17 settembre 2019 09:15

Quando a giugno è proseguita l’escalation nel golfo Persico, con l’attacco contro due petroliere, era tornata attuale la considerazione del capo della diplomazia britannica che a maggio aveva evocato il rischio di una guerra “per distrazione”. Il senso era che per quanto nessun protagonista coinvolto cercasse lo scontro, questo non era solo possibile, ma rischiava di diventare inevitabile.

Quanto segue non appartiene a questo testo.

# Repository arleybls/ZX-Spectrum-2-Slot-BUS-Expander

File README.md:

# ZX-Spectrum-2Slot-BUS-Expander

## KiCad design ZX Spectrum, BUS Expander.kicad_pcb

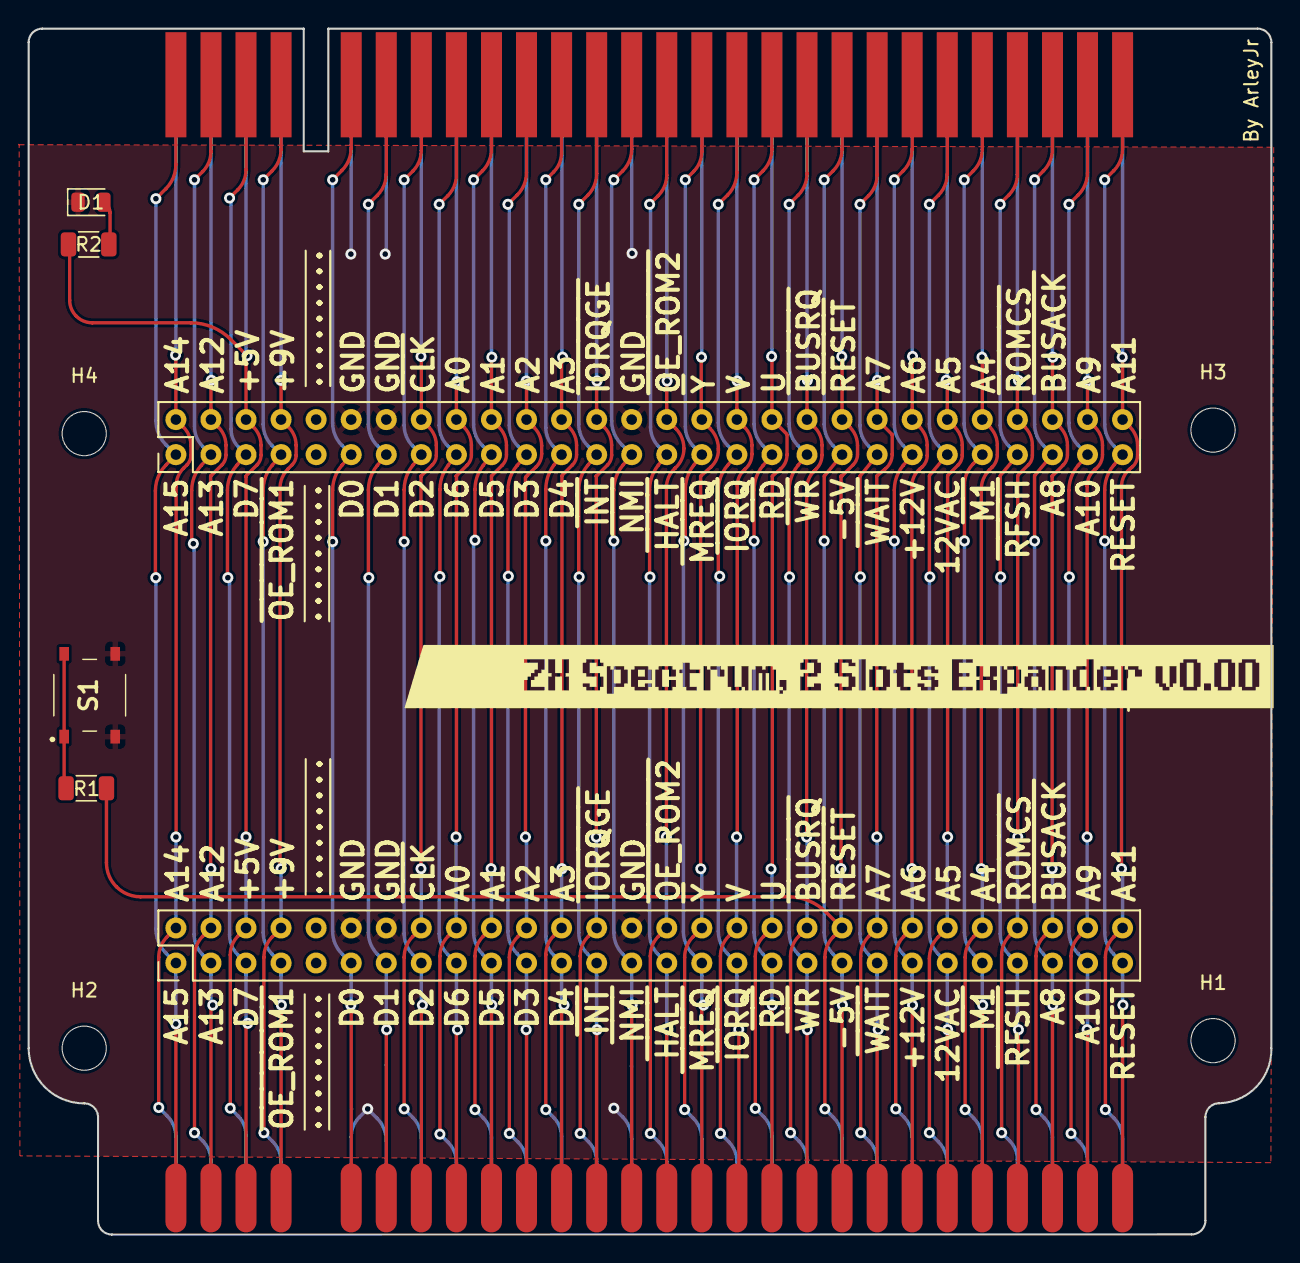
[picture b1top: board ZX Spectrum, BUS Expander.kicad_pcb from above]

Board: 2 copper layers, 90.0 x 87.4 mm, 13 parts (0 on the bottom side), 54 nets.

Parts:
D1: LED; LED_0805_2012Metric
H1, H2, H3, H4: MountingHole; MountingHole_3.2mm_M3
J1, J2: Conn_02x28_Row_Letter_First; ZX Bus Socket
R1: 100R; R_1206_3216Metric
R2: 330R; R_1206_3216Metric
S1: PTS526_SM15_SMTR2_LFS; PTS526SM15SMTR2LFS
Z1: EDGE; ZX Bus, Edge
Z2: PASS-THROUGH; ZX Bus, Edge Pass-T
kibuzzard-65E37D50: G***; kibuzzard-65E37D50

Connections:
12VAC: J1.A23 (Pin_a23), J2.A23 (Pin_a23), Z1.A23 (12VAC), Z2.A23 (12VAC)
+5V: J1.B3 (Pin_b3), J2.B3 (Pin_b3), R2.1, Z1.B3 (+5v), Z2.B3 (+5v)
+9V: J1.B4 (Pin_b4), J2.B4 (Pin_b4), Z1.B4 (+9V), Z2.B4 (+9V)
+12V: J1.A22 (Pin_a22), J2.A22 (Pin_a22), Z1.A22 (+12V), Z2.A22 (+12V)
-5V: J1.A20 (Pin_a20), J2.A20 (Pin_a20), Z1.A20 (-5V), Z2.A20 (-5V)
A0: J1.B9 (Pin_b9), J2.B9 (Pin_b9), Z1.B9 (A0), Z2.B9 (A0)
A1: J1.B10 (Pin_b10), J2.B10 (Pin_b10), Z1.B10 (A1), Z2.B10 (A1)
A2: J1.B11 (Pin_b11), J2.B11 (Pin_b11), Z1.B11 (A2), Z2.B11 (A2)
A3: J1.B12 (Pin_b12), J2.B12 (Pin_b12), Z1.B12 (A3), Z2.B12 (A3)
A4: J1.B24 (Pin_b24), J2.B24 (Pin_b24), Z1.B24 (A4), Z2.B24 (A4)
A5: J1.B23 (Pin_b23), J2.B23 (Pin_b23), Z1.B23 (A5), Z2.B23 (A5)
A6: J1.B22 (Pin_b22), J2.B22 (Pin_b22), Z1.B22 (A6), Z2.B22 (A6)
A7: J1.B21 (Pin_b21), J2.B21 (Pin_b21), Z1.B21 (A7), Z2.B21 (A7)
A8: J1.A26 (Pin_a26), J2.A26 (Pin_a26), Z1.A26 (A8), Z2.A26 (A8)
A9: J1.B27 (Pin_b27), J2.B27 (Pin_b27), Z1.B27 (A9), Z2.B27 (A9)
A10: J1.A27 (Pin_a27), J2.A27 (Pin_a27), Z1.A27 (A10), Z2.A27 (A10)
A11: J1.B28 (Pin_b28), J2.B28 (Pin_b28), Z1.B28 (A11), Z2.B28 (A11)
A12: J1.B2 (Pin_b2), J2.B2 (Pin_b2), Z1.B2 (A12), Z2.B2 (A12)
A13: J1.A2 (Pin_a2), J2.A2 (Pin_a2), Z1.A2 (A13), Z2.A2 (A13)
A14: J1.B1 (Pin_b1), J2.B1 (Pin_b1), Z1.B1 (A14), Z2.B1 (A14)
A15: J1.A1 (Pin_a1), J2.A1 (Pin_a1), Z1.A1 (A15), Z2.A1 (A15)
D0: J1.A6 (Pin_a6), J2.A6 (Pin_a6), Z1.A6 (D0), Z2.A6 (D0)
D1: J1.A7 (Pin_a7), J2.A7 (Pin_a7), Z1.A7 (D1), Z2.A7 (D1)
D2: J1.A8 (Pin_a8), J2.A8 (Pin_a8), Z1.A8 (D2), Z2.A8 (D2)
D3: J1.A11 (Pin_a11), J2.A11 (Pin_a11), Z1.A11 (D3), Z2.A11 (D3)
D4: J1.A12 (Pin_a12), J2.A12 (Pin_a12), Z1.A12 (D4), Z2.A12 (D4)
D5: J1.A10 (Pin_a10), J2.A10 (Pin_a10), Z1.A10 (D5), Z2.A10 (D5)
D6: J1.A9 (Pin_a9), J2.A9 (Pin_a9), Z1.A9 (D6), Z2.A9 (D6)
D7: J1.A3 (Pin_a3), J2.A3 (Pin_a3), Z1.A3 (D7), Z2.A3 (D7)
GND: D1.1 (K), J1.B6 (Pin_b6), J1.B7 (Pin_b7), J1.B14 (Pin_b14), J2.B6 (Pin_b6), J2.B7 (Pin_b7), J2.B14 (Pin_b14), S1.3 (NO_1), S1.4 (NO_2), Z1.B6 (GND), Z1.B7 (GND), Z1.B14 (GND), Z2.B6 (GND), Z2.B7 (GND), Z2.B14 (GND)
unnamed: D1.2 (A), R2.2
unnamed: R1.1, S1.1 (COM_1), S1.2 (COM_2)
RESET/NC: J1.A28 (Pin_a28), J2.A28 (Pin_a28), Z1.A28 (RESET), Z2.A28 (RESET)
U: J1.B18 (Pin_b18), J2.B18 (Pin_b18), Z1.B18 (U), Z2.B18 (U)
V: J1.B17 (Pin_b17), J2.B17 (Pin_b17), Z1.B17 (V), Z2.B17 (V)
~BUSACK: J1.B26 (Pin_b26), J2.B26 (Pin_b26), Z1.B26 (~BUSACK), Z2.B26 (~BUSACK)
~BUSRQ: J1.B19 (Pin_b19), J2.B19 (Pin_b19), Z1.B19 (~BUSRQ), Z2.B19 (~BUSRQ)
~CLK: J1.B8 (Pin_b8), J2.B8 (Pin_b8), Z1.B8 (~CLK), Z2.B8 (~CLK)
~HALT: J1.A15 (Pin_a15), J2.A15 (Pin_a15), Z1.A15 (~HALT), Z2.A15 (~HALT)
~INT: J1.A13 (Pin_a13), J2.A13 (Pin_a13), Z1.A13 (~INT), Z2.A13 (~INT)
~IORQGE: J1.B13 (Pin_b13), J2.B13 (Pin_b13), Z1.B13 (~IORQGE), Z2.B13 (~IORQGE)
~IORQ: J1.A17 (Pin_a17), J2.A17 (Pin_a17), Z1.A17 (~IORQ), Z2.A17 (~IORQ)
~M1: J1.A24 (Pin_a24), J2.A24 (Pin_a24), Z1.A24 (~M1), Z2.A24 (~M1)
~MREQ: J1.A16 (Pin_a16), J2.A16 (Pin_a16), Z1.A16 (~MREQ), Z2.A16 (~MREQ)
~NMI: J1.A14 (Pin_a14), J2.A14 (Pin_a14), Z1.A14 (~NMI), Z2.A14 (~NMI)
~OEM_ROM1: J1.A4 (Pin_a4), J2.A4 (Pin_a4), Z1.A4 (~OEM_ROM1), Z2.A4 (~OEM_ROM1)
~OE_ROM2/VIDEO: J1.B15 (Pin_b15), J2.B15 (Pin_b15), Z1.B15 (~OE_ROM2), Z2.B15 (~OE_ROM2)
~RD: J1.A18 (Pin_a18), J2.A18 (Pin_a18), Z1.A18 (~RD), Z2.A18 (~RD)
~RESET: J1.B20 (Pin_b20), J2.B20 (Pin_b20), R1.2, Z1.B20 (~RESET), Z2.B20 (~RESET)
~RFSH: J1.A25 (Pin_a25), J2.A25 (Pin_a25), Z1.A25 (~RFSH), Z2.A25 (~RFSH)
~ROMCS: J1.B25 (Pin_b25), J2.B25 (Pin_b25), Z1.B25 (~ROMCS), Z2.B25 (~ROMCS)
~WAIT: J1.A21 (Pin_a21), J2.A21 (Pin_a21), Z1.A21 (~WAIT), Z2.A21 (~WAIT)
~WR: J1.A19 (Pin_a19), J2.A19 (Pin_a19), Z1.A19 (~WR), Z2.A19 (~WR)
~Y: J1.B16 (Pin_b16), J2.B16 (Pin_b16), Z1.B16 (~Y), Z2.B16 (~Y)

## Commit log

2024-04-05 ibom added
2024-04-13 Sche + Render

Dal 14 settembre ci siamo pericolosamente avvicinati a questo scenario con l’attacco contro le strutture petrolifere saudite dell’Aramco nell’est del paese e le ripercussioni in tutto il mondo.

La guerra, però, non è ancora inevitabile, anche se è evidente la tentazione di rappresaglie contro l’Iran, indicato sempre più insistentemente come aggressore dall’Arabia Saudita e, con più prudenza, anche dagli Stati Uniti.

La guerra non è ancora inevitabile perché tutti sono perfettamente consapevoli del fatto che una rappresaglia contro l’Iran potrebbe incendiare la regione. Il rischio è doppio: da una parte quello di scatenare un conflitto militare devastante e prolungato, dall’altra quello di destabilizzare l’economia mondiale con un’ascesa incontrollata del prezzo del petrolio.

A questo punto è giusto cercare di capire le motivazioni dei protagonisti. Cominciamo dall’Iran, che sembra aver scelto la linea dura anche se Teheran ha negato di aver organizzato l’attacco contro la raffineria saudita. Vicino al soffocamento a causa delle sanzioni statunitensi, l’Iran ha innescato l’escalation riprendendo, per tappe, le sue attività nucleari e moltiplicando i gesti provocatori (compresa la distruzione di un drone dell’esercito statunitense).

L’incontro di Trump con il presidente iraniano ora è molto più difficile se non impossibile

Finora la strategia iraniana sembra quella di alzare la posta nella speranza di far muovere gli altri firmatari dell’accordo sul nucleare del 2015, a cominciare dagli europei. L’attacco del 14 settembre segna un’ulteriore tappa di questa escalation spiccatamente politica o è solo un rilancio dell’ala dura del regime dei mullah per impedire qualsiasi compromesso con Washington? Difficile dirlo, ma la risposta a questa domanda determinerà i prossimi sviluppi: inasprimento del conflitto o un’altra possibilità per la diplomazia.

La situazione è altrettanto complessa sul fronte statunitense. Il 10 settembre Donald Trump ha licenziato il suo consulente John Bolton, che notte e giorno sognava di scontrarsi con l’Iran. A quel punto l’ipotesi di un vertice tra il presidente degli Stati Uniti e il suo collega Hassan Rohani, da organizzare a New York nei prossimi giorni, sembrava verosimile, magari con l’aiuto della diplomazia francese. Ora invece è tutto molto più difficile, se non impossibile.

Donald Trump non vuole trascinare il paese in un’altra guerra in Medio Oriente proprio ora che deve pensare alla campagna per la rielezione, anche perché ha già promesso il contrario agli elettori.

La portata dell’attacco, che ha privato il regno saudita della metà delle sue esportazioni di petrolio, rende obbligatoria una reazione. Ma le opzioni sul tavolo di Trump sono tutte rischiose, e questo lascia ancora uno spiraglio, minimo, alla diplomazia. Donald Trump deve prendere la decisione più difficile del suo mandato.